**Assignment:**
Look below for the line that has "Bat_ori_SOC4 = [-0.00598301069999". Set down the lines from there through the line that has "Bat_SOC_min = 0.3", exactly as written.

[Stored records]
━━━━━━━━━━━━━━━━━━━━━━━━━━━━━━
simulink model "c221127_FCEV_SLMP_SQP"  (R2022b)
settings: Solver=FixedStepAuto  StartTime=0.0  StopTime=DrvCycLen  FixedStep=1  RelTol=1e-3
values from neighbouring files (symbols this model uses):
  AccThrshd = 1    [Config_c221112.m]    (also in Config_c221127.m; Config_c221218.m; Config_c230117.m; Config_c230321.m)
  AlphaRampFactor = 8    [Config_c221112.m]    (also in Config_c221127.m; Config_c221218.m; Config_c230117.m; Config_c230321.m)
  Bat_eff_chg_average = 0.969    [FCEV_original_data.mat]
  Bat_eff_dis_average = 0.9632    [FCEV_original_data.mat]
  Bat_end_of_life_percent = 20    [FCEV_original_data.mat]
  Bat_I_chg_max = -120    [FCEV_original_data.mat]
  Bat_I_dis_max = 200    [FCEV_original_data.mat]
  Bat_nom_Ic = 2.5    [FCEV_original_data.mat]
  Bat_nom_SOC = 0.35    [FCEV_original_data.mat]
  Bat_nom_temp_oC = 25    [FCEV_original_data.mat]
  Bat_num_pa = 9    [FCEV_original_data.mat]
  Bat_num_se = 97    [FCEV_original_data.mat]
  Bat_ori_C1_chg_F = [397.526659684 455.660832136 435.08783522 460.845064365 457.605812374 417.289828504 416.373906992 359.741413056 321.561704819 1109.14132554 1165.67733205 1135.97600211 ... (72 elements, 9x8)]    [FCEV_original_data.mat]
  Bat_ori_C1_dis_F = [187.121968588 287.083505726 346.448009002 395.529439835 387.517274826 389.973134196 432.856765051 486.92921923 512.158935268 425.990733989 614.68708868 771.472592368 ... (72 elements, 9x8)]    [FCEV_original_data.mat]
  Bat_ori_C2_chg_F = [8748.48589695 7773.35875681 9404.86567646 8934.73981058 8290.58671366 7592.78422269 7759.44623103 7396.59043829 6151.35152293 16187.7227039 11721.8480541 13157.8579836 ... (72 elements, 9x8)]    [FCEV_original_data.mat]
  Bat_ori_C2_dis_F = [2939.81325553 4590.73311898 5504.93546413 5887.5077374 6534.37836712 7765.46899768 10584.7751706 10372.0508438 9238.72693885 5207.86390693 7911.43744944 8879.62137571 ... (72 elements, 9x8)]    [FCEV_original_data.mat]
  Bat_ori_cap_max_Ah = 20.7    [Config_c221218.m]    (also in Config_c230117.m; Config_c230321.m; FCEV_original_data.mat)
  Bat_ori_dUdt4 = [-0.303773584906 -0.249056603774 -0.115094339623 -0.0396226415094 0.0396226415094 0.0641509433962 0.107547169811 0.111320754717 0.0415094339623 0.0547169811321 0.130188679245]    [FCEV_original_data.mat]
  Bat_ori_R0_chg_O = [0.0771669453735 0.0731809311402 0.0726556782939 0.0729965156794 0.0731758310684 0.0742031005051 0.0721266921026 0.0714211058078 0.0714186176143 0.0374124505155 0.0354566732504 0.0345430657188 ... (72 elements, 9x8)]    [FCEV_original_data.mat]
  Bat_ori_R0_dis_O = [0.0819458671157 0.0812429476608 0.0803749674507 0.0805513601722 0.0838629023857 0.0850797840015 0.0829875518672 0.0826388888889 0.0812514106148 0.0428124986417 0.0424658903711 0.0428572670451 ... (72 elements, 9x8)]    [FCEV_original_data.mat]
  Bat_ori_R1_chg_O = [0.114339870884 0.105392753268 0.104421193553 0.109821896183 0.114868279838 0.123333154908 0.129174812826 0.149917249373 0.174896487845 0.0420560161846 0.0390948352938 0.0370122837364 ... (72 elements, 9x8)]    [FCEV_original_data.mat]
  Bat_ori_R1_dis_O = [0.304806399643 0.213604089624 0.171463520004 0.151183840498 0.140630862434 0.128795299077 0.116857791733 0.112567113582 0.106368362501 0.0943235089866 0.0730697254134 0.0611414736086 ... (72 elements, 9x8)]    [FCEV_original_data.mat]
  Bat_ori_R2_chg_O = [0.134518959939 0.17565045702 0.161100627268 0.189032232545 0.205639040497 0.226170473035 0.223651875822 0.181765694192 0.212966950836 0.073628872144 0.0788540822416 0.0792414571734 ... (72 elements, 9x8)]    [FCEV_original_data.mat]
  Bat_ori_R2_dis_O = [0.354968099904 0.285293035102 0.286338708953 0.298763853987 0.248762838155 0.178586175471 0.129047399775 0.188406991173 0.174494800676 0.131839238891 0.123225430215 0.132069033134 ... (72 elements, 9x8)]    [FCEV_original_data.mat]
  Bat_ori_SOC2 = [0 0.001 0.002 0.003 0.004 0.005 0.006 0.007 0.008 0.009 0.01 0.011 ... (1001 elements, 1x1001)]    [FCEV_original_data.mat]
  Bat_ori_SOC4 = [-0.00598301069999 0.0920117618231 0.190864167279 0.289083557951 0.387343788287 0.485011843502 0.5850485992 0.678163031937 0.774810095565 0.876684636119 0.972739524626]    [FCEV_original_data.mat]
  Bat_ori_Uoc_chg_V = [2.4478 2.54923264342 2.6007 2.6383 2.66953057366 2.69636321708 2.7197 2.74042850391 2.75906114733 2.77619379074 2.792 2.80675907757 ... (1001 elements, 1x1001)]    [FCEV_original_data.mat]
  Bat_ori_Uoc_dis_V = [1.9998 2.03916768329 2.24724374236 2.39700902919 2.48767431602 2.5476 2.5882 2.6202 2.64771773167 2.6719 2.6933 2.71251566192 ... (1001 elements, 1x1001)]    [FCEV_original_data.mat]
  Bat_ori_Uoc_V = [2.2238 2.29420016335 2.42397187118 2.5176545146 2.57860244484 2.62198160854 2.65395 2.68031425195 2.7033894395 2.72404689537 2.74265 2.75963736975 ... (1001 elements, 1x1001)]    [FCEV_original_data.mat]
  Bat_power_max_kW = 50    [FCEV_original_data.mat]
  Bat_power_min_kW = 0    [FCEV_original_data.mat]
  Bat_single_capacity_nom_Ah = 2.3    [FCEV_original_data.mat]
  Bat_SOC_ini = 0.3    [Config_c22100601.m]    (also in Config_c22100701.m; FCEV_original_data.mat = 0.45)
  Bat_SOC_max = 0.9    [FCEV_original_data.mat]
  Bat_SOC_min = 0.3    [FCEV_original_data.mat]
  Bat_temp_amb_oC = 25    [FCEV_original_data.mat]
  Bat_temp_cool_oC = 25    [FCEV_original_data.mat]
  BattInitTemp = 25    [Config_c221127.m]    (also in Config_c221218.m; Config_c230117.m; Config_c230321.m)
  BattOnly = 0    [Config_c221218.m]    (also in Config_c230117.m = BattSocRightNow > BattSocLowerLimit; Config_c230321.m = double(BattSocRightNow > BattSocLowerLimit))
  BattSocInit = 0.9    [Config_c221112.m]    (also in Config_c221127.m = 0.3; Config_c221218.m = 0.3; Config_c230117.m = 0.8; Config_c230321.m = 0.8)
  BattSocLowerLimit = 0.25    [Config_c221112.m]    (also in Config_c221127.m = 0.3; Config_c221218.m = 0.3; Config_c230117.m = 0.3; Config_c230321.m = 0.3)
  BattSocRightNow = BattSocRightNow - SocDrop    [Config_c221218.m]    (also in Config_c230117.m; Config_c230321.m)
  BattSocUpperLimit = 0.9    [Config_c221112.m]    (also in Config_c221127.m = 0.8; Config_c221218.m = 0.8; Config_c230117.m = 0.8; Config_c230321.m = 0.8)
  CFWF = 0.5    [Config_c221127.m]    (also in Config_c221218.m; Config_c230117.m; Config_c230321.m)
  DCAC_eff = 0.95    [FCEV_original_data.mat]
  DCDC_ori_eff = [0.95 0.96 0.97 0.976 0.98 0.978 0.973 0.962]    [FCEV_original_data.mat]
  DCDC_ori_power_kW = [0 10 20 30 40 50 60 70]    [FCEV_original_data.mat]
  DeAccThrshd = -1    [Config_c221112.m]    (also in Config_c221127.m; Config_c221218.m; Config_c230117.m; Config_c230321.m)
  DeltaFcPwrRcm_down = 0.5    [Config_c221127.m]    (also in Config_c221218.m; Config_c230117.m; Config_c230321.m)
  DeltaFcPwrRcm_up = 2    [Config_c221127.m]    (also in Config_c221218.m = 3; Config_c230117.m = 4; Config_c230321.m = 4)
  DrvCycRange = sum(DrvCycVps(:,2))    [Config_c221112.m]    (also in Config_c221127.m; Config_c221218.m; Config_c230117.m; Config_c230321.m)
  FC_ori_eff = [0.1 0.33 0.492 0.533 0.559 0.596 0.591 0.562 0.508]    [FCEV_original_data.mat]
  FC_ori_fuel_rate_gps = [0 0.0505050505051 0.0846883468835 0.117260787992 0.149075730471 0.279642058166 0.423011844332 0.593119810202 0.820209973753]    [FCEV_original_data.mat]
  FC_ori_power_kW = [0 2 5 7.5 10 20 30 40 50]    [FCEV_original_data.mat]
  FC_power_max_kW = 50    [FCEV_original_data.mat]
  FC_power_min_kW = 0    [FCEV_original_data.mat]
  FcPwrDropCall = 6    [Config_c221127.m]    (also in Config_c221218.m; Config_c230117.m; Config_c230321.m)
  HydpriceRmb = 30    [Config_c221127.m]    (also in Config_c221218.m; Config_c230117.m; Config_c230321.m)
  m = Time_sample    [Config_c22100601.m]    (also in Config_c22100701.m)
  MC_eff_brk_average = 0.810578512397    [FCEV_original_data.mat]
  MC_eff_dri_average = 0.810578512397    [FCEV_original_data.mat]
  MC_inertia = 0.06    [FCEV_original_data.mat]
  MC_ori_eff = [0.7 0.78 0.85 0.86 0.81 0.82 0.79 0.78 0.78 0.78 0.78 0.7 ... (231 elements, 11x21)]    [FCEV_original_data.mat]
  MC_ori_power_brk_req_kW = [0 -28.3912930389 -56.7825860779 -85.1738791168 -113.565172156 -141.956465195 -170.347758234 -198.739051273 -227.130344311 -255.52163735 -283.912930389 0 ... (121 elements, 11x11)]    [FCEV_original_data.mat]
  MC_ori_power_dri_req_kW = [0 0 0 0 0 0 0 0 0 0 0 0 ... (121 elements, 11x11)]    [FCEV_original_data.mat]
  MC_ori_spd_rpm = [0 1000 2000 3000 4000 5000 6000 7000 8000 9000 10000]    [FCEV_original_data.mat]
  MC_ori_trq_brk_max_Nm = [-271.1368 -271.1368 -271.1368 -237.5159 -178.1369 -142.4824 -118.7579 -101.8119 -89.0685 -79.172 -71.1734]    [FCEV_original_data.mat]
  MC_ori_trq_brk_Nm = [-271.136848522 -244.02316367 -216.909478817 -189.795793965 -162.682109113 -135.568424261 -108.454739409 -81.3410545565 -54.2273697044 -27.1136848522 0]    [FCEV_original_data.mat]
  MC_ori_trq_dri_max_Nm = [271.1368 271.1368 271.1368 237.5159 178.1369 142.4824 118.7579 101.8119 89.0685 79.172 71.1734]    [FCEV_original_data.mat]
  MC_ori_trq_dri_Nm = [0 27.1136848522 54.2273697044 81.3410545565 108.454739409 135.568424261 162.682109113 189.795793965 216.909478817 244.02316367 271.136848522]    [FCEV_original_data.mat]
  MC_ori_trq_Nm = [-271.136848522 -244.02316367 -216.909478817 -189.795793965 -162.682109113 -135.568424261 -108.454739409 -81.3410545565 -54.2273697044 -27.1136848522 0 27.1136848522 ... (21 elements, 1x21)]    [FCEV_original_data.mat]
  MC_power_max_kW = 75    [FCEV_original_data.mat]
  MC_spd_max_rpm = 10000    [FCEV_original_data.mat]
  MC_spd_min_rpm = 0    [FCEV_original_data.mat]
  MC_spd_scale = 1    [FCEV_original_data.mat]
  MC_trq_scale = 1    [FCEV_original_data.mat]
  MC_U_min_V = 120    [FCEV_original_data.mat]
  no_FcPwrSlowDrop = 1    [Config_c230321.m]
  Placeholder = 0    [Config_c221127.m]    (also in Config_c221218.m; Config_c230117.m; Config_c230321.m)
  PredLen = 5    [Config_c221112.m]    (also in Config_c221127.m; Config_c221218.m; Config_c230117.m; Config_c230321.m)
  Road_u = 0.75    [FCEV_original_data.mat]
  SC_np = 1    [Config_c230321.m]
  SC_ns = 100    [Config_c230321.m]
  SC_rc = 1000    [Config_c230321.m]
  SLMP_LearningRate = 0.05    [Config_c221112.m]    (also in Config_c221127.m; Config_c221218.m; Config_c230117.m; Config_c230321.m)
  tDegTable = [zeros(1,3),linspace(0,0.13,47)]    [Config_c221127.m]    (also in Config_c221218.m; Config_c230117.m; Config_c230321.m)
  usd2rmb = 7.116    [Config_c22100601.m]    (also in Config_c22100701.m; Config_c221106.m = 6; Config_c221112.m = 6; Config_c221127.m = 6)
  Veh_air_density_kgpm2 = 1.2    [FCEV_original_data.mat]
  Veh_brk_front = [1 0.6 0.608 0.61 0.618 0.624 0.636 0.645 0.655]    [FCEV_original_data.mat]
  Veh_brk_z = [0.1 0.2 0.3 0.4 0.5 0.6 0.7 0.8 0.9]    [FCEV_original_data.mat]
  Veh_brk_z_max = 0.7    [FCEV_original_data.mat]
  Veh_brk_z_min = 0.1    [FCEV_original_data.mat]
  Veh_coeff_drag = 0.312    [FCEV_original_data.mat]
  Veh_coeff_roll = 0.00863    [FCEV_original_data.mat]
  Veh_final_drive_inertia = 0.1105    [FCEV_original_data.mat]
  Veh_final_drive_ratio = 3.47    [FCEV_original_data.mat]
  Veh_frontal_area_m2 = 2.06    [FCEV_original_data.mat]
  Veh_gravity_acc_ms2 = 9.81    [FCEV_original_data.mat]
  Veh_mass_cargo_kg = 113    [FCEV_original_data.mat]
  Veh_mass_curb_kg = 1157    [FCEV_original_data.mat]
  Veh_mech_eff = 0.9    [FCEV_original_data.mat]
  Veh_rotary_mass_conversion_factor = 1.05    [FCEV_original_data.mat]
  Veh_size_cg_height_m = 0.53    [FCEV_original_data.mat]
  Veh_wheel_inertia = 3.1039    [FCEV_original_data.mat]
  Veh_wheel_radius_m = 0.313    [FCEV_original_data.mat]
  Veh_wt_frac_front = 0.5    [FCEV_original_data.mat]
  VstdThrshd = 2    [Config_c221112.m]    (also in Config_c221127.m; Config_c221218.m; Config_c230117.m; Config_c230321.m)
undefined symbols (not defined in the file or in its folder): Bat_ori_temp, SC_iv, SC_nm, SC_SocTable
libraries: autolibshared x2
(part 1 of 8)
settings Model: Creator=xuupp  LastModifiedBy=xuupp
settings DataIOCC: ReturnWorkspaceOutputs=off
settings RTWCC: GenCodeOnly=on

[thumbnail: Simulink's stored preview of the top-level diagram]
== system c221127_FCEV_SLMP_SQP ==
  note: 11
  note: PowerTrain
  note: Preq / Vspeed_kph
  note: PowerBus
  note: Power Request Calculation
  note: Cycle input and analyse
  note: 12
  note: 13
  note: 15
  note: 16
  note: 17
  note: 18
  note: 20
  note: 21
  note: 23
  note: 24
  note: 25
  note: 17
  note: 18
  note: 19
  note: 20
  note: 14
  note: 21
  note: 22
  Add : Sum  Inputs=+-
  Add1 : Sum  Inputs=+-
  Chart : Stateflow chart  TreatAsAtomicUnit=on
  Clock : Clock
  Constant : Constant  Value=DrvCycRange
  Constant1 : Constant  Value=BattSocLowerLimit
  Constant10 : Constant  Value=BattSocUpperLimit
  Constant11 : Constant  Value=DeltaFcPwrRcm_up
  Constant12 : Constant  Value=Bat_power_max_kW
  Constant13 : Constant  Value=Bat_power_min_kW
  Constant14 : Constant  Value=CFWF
━━━━━━━━━━━━━━━━━━━━━━━━━━━━━━
**Answer to the exercise:**
  Bat_ori_SOC4 = [-0.00598301069999 0.0920117618231 0.190864167279 0.289083557951 0.387343788287 0.485011843502 0.5850485992 0.678163031937 0.774810095565 0.876684636119 0.972739524626]    [FCEV_original_data.mat]
  Bat_ori_Uoc_chg_V = [2.4478 2.54923264342 2.6007 2.6383 2.66953057366 2.69636321708 2.7197 2.74042850391 2.75906114733 2.77619379074 2.792 2.80675907757 ... (1001 elements, 1x1001)]    [FCEV_original_data.mat]
  Bat_ori_Uoc_dis_V = [1.9998 2.03916768329 2.24724374236 2.39700902919 2.48767431602 2.5476 2.5882 2.6202 2.64771773167 2.6719 2.6933 2.71251566192 ... (1001 elements, 1x1001)]    [FCEV_original_data.mat]
  Bat_ori_Uoc_V = [2.2238 2.29420016335 2.42397187118 2.5176545146 2.57860244484 2.62198160854 2.65395 2.68031425195 2.7033894395 2.72404689537 2.74265 2.75963736975 ... (1001 elements, 1x1001)]    [FCEV_original_data.mat]
  Bat_power_max_kW = 50    [FCEV_original_data.mat]
  Bat_power_min_kW = 0    [FCEV_original_data.mat]
  Bat_single_capacity_nom_Ah = 2.3    [FCEV_original_data.mat]
  Bat_SOC_ini = 0.3    [Config_c22100601.m]    (also in Config_c22100701.m; FCEV_original_data.mat = 0.45)
  Bat_SOC_max = 0.9    [FCEV_original_data.mat]
  Bat_SOC_min = 0.3    [FCEV_original_data.mat]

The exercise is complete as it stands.